I personally don't take it so I can't help you there.


----------



## SaigeJones (Mar 17, 2008)

Doesn't work for me but gives me very strange dreams.


----------



## caithiggs (Jan 11, 2009)

Personally I got a pack of like 15 3 mg sublingual tablets. I break them in quarters and so I take about .75 mg a night. Knocks me right out. Normally sounds and stuff are noticeable to me, but while using melatonin nothing effects me. I can sleep through anything. The effect lasts about four hours, so I never take it if I have to be awake before four hours. Sometimes I wake up in the middle of the night after this time period and pop another .75 mg in, and within the hour (usually much less) I'm out like a light! It's great if I want to sleep in the morning when it's already getting light (because I usually have a hell of a time getting to sleep as the sun comes up). 

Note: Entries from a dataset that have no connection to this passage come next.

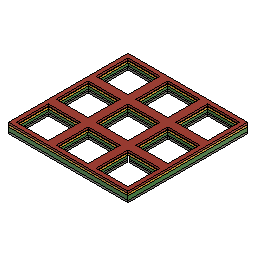
One Face (Autodesk Fusion 360 design; units mm, degrees)
Autodesk Fusion 360 part; units mm, degrees
note: some values were not read from the file. Set by a fixed rule: which sketch regions a step uses.
sketch "OldFirstLayer" plane through (0, 0, 0) normal (0, 0, 1) x (1, 0, 0)
  line L0 (-176.2126, -49.2126) -> (-176.2126, 49.2124)
  line L1 (-77.7876, 49.2124) -> (-77.7876, -49.2126)
  line L2 (-77.7876, 77.7874) -> (-176.2126, 77.7874)
  line L3 (-77.7876, 176.2124) -> (-77.7876, 77.7874)
  line L4 (-176.2126, 176.2124) -> (-77.7876, 176.2124)
  line L5 (-176.2126, -176.2126) -> (-176.2126, -77.7876)
  line L6 (-77.7876, -86.1838) -> (-77.7876, -176.2126)
  line L7 (-176.2126, 49.2124) -> (-77.7876, 49.2124)
  line L8 (-77.7876, -176.2126) -> (-176.2126, -176.2126)
  line L9 (49.2124, -82.6672) -> (49.2124, -176.2126)
  line L10 (190.4999, -190.5001) -> (190.4999, 190.4999)
  line L11 (49.2124, 176.2124) -> (49.2124, 77.7874)
  line L12 (176.2124, -176.2126) -> (77.7874, -176.2126)
  line L13 (77.7874, -49.2126) -> (77.7874, 49.2124)
  line L14 (176.2124, -49.2126) -> (77.7874, -49.2126)
  line L15 (77.7874, 49.2124) -> (170.2008, 49.2124)
  line L16 (176.2124, 176.2124) -> (176.2124, 77.7874)
  line L17 (176.2124, 49.2124) -> (176.2124, -49.2126)
  line L18 (49.2124, 49.2124) -> (49.2124, -49.2126)
  line L19 (77.7874, -77.7876) -> (176.2124, -77.7876)
  line L20 (77.7874, -176.2126) -> (77.7874, -82.6672)
  line L21 (77.7874, 176.2124) -> (176.2124, 176.2124)
  line L22 (170.2008, 77.7874) -> (77.7874, 77.7874)
  line L23 (176.2124, -77.7876) -> (176.2124, -176.2126)
  line L24 (77.7874, 77.7874) -> (77.7874, 176.2124)
  line L25 (-190.5001, 190.4999) -> (-190.5001, -190.5001)
  line L26 (-77.7876, -49.2126) -> (-176.2126, -49.2126)
  line L27 (190.4999, 190.4999) -> (-190.5001, 190.4999)
  line L28 (-49.2126, -77.7876) -> (49.2124, -77.7876)
  line L29 (-49.2126, -49.2126) -> (-49.2126, 49.2124)
  line L30 (49.2124, 77.7874) -> (-49.2126, 77.7874)
  line L31 (-49.2126, 176.2124) -> (49.2124, 176.2124)
  line L32 (-176.2126, -77.7876) -> (-77.7876, -77.7876)
  line L33 (-176.2126, 77.7874) -> (-176.2126, 176.2124)
  line L34 (-49.2126, -176.2126) -> (-49.2126, -86.1838)
  line L35 (-190.5001, -190.5001) -> (190.4999, -190.5001)
  line L36 (49.2124, -49.2126) -> (-49.2126, -49.2126)
  line L37 (49.2124, -176.2126) -> (-49.2126, -176.2126)
  line L38 (-49.2126, 77.7874) -> (-49.2126, 176.2124)
  line L39 (-190.5001, 190.4999) -> (190.4999, -190.5001) construction
  line L40 (-49.2126, 49.2124) -> (49.2124, 49.2124)
  line L41 (190.4999, 190.4999) -> (-190.5001, -190.5001) construction
  line L42 (170.2008, 77.7874) -> (170.2008, 49.2124)
  line L43 (176.2124, 77.7874) -> (176.2124, 49.2124)
  line L44 (49.2124, -82.6672) -> (77.7874, -82.6672)
  line L45 (49.2124, -77.7876) -> (77.7874, -77.7876)
  line L46 (-77.7876, -77.7876) -> (-49.2126, -77.7876)
  line L47 (-77.7876, -86.1838) -> (-77.7876, -83.82)
  line L48 (-49.2126, -86.1838) -> (-49.2126, -83.82)
  line L49 (-77.7876, -83.82) -> (-49.2126, -83.82)
  point P0 (-0.0001, -0.0001)
  point P1 (-0.0001, -0.0001)
  dimension "d57" = 381
  dimension "d58" = 381
  dimension "d59" = 98.425
  dimension "d60" = 98.425
  dimension "d61" = 28.575
  dimension "d62" = 98.425
  dimension "d63" = 98.425
  dimension "d64" = 28.575
  dimension "d65" = 98.425
  dimension "d66" = 98.425
  dimension "d67" = 28.575
  dimension "d68" = 98.425
  dimension "d69" = 98.425
  dimension "d70" = 98.425
  dimension "d71" = 98.425
  dimension "d72" = 28.575
  dimension "d73" = 98.425
  dimension "d74" = 98.425
  dimension "d75" = 28.575
  dimension "d76" = 28.575
  dimension "d77" = 98.425
  dimension "d78" = 98.425
  dimension "d80" = 28.575
  dimension "d81" = 98.425
  dimension "d82" = 98.425
  dimension "d83" = 98.425
  dimension "d84" = 98.425
  dimension "d85" = 28.575
  dimension "d86" = 28.575
  dimension "d87" = 28.575
  dimension "d88" = 28.575
  dimension "d89" = 14.2875
  dimension "d90" = 14.2875
  dimension "d91" = 14.2875
  dimension "d97" = 28.575
  dimension "d103" = 14.2875
  constraint perpendicular L25 L27
  constraint parallel L27 L35
  constraint parallel L10 L25
  constraint horizontal L27
  constraint coincident P1 L41
  constraint coincident P1 L39
  constraint coincident P1 P0
  constraint horizontal L4
  constraint vertical L3
  constraint horizontal L2
  constraint vertical L33
  constraint coincident L4.start L39
  constraint horizontal L7
  constraint vertical L1
  constraint horizontal L26
  constraint vertical L0
  constraint horizontal L32
  constraint vertical L6
  constraint horizontal L8
  constraint vertical L5
  constraint horizontal L31
  constraint vertical L11
  constraint horizontal L30
  constraint vertical L38
  constraint horizontal L21
  constraint vertical L16
  constraint horizontal L22
  constraint vertical L24
  constraint horizontal L40
  constraint vertical L18
  constraint horizontal L36
  constraint vertical L29
  constraint horizontal L15
  constraint vertical L17
  constraint horizontal L14
  constraint vertical L13
  constraint horizontal L19
  constraint vertical L23
  constraint horizontal L12
  constraint vertical L20
  constraint coincident L19.start L39
  constraint horizontal L28
  constraint vertical L9
  constraint horizontal L37
  constraint vertical L34
  constraint perpendicular L15 L42
  constraint perpendicular L20 L44
  constraint parallel L6 L47
  constraint perpendicular L46 L48
  constraint perpendicular L48 L49
  measures "d57" distance of L25.end L25.start
  measures "d58" distance of L10.end L25.start
  measures "d59" distance of L4.start L2.end
  measures "d60" distance of L4.start L3.start
  measures "d61" distance of L2 L7
  measures "d62" distance of L0.end L0.start
  measures "d63" distance of L0.end L1.start
  measures "d64" distance of L26 L32
  measures "d65" distance of L6.end L5.start
  measures "d66" distance of L6.end L32.end
  measures "d67" distance of L3 L38
  measures "d68" distance of L11.end L30.end
  measures "d69" distance of L11.end L11.start
  measures "d70" distance of L21.start L16.start
  measures "d71" distance of L16.start L16.end
  measures "d72" distance of L11 L24
  measures "d73" distance of L29.end L18.start
  measures "d74" distance of L29.end L29.start
  measures "d75" distance of L1 L29
  measures "d76" distance of L30 L40
  measures "d77" distance of L13.end L17.start
  measures "d78" distance of L13.start L13.end
  measures "d80" distance of L15 L22
  measures "d81" distance of L19.end L12.start
  measures "d82" distance of L19.start L19.end
  measures "d83" distance of L28.end L28.start
  measures "d84" distance of L34.start L28.start
  measures "d85" distance of L28 L36
  measures "d86" distance of L6 L34
  measures "d87" distance of L9 L20
  measures "d88" distance of L14 L19
  measures "d89" distance of L25 L33
  measures "d90" distance of L0 L25
  measures "d91" distance of L5 L25
  measures "d97" distance of L13 L18
  measures "d103" distance of L35 L37
sketch "ThirdLayerSketch" plane through (0, 0, 0) normal (0, 0, 1) x (1, 0, 0)
  line L0 (48.9649, -178.1983) -> (-49.4601, -178.1983)
  line L1 (-49.4601, 174.2267) -> (48.9649, 174.2267)
  line L2 (-49.4601, -79.7733) -> (48.9649, -79.7733)
  line L3 (48.9649, 47.2267) -> (48.9649, -51.1983)
  line L4 (48.9649, 174.2267) -> (48.9649, 75.8017)
  line L5 (77.5399, 174.2267) -> (175.9649, 174.2267)
  line L6 (175.9649, 174.2267) -> (175.9649, 75.8017)
  line L7 (175.9649, 47.2267) -> (175.9649, -51.1983)
  line L8 (-78.0351, -51.1983) -> (-176.4601, -51.1983)
  line L9 (175.9649, -178.1983) -> (77.5399, -178.1983)
  line L10 (48.9649, -79.7733) -> (48.9649, -178.1983)
  line L11 (175.9649, -51.1983) -> (77.5399, -51.1983)
  line L12 (-176.4601, -79.7733) -> (-78.0351, -79.7733)
  line L13 (-78.0351, -178.1983) -> (-176.4601, -178.1983)
  line L14 (175.9649, -79.7733) -> (175.9649, -178.1983)
  line L15 (77.5399, -178.1983) -> (77.5399, -79.7733)
  line L16 (77.5399, -79.7733) -> (175.9649, -79.7733)
  line L17 (-176.4601, 174.2267) -> (-78.0351, 174.2267)
  line L18 (-78.0351, 47.2267) -> (-78.0351, -51.1983)
  line L19 (-176.4601, 75.8017) -> (-176.4601, 174.2267)
  line L20 (-176.4601, -178.1983) -> (-176.4601, -79.7733)
  line L21 (77.5399, 47.2267) -> (175.9649, 47.2267)
  line L22 (77.5399, -51.1983) -> (77.5399, 47.2267)
  line L23 (-78.0351, -79.7733) -> (-78.0351, -178.1983)
  line L24 (175.9649, 75.8017) -> (77.5399, 75.8017)
  line L25 (-190.7476, 188.5142) -> (-190.7476, -192.4858)
  line L26 (190.2524, -192.4858) -> (190.2524, 188.5142)
  line L27 (77.5399, 75.8017) -> (77.5399, 174.2267)
  line L28 (-176.4601, -51.1983) -> (-176.4601, 47.2267)
  line L29 (-176.4601, 47.2267) -> (-78.0351, 47.2267)
  line L30 (-78.0351, 174.2267) -> (-78.0351, 75.8017)
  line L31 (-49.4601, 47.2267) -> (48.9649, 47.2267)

I don't know if it's because less is more with melatonin (I don't know why you can't find it in smaller doses! .75 is definitely sufficient) or what, but it knocks me out. It's a wonderful feeling. I thought it would "help" me have stranger dreams. But it doesn't effect my dreams in any way. The only thing is I tend to have stiffer muscles/joints than usual in the morning.


----------



## Lacking Serotonin (Nov 18, 2012)

I've heard not to use melatonin till the age of 40 or 50 when your body doesn't produce as much.


----------



## Kinos Journey (Aug 19, 2011)

I have a long sleep onset (ie, takes me forever to get to sleep, even when I'm sleepy), so I take them to help me fall asleep faster. It was amazing to actually feel awake when I, well, woke up.


----------



## JakeBoston1000 (Apr 8, 2008)

it has helped me but it gives me very vivid dreams and if i take too much it gives me nightmares.I usually take about 1.5 milligrams.


----------



## Revenwyn (Apr 11, 2011)

I need about 10 MG to take effect. I used it for years, now it hardly works. I only use it if my sleep has gotten way off whack and I need to actually get up for something.


----------



## Nibbler (Nov 5, 2010)

I do notice feeling more refreshed and a better sleep routine, only down side like mentioned above is the weird/vivid dreams I seem get.


----------



## BackToBasics (Apr 15, 2013)

I've taken melatonin...tried it again about 2 weeks ago. I don't know. I can drink a couple cups of coffee and can go to sleep (I don't do that often). I've tried taking melatonin in hopes I could sleep better but it hasn't helped me. Drinking a glass of red wine has some health benefits is supposed to be good for you and it is also supposed to help you relax/fall asleep. I get around 4 to 5 hours of interrupted sleep every night...just constant tossing and turning and it's driving me nuts because I can't go back to sleep when I wake up. I think I'm going to try a new bed and a glass of red wine and see if that works.


----------



## millenniumman75 (Feb 4, 2005)

I take it during my SA spikes and am able to sleep pretty well.


----------



## JakeBoston1000 (Apr 8, 2008)

i found that if the dose is too high it gives me nightmares and crazy dreams.But it has helped a little with insomnia


----------



## matthewebbert (Apr 5, 2013)

Someday before i gone through article about sleep medicine reviews in which i found that its quite helpful below is some important thing i read..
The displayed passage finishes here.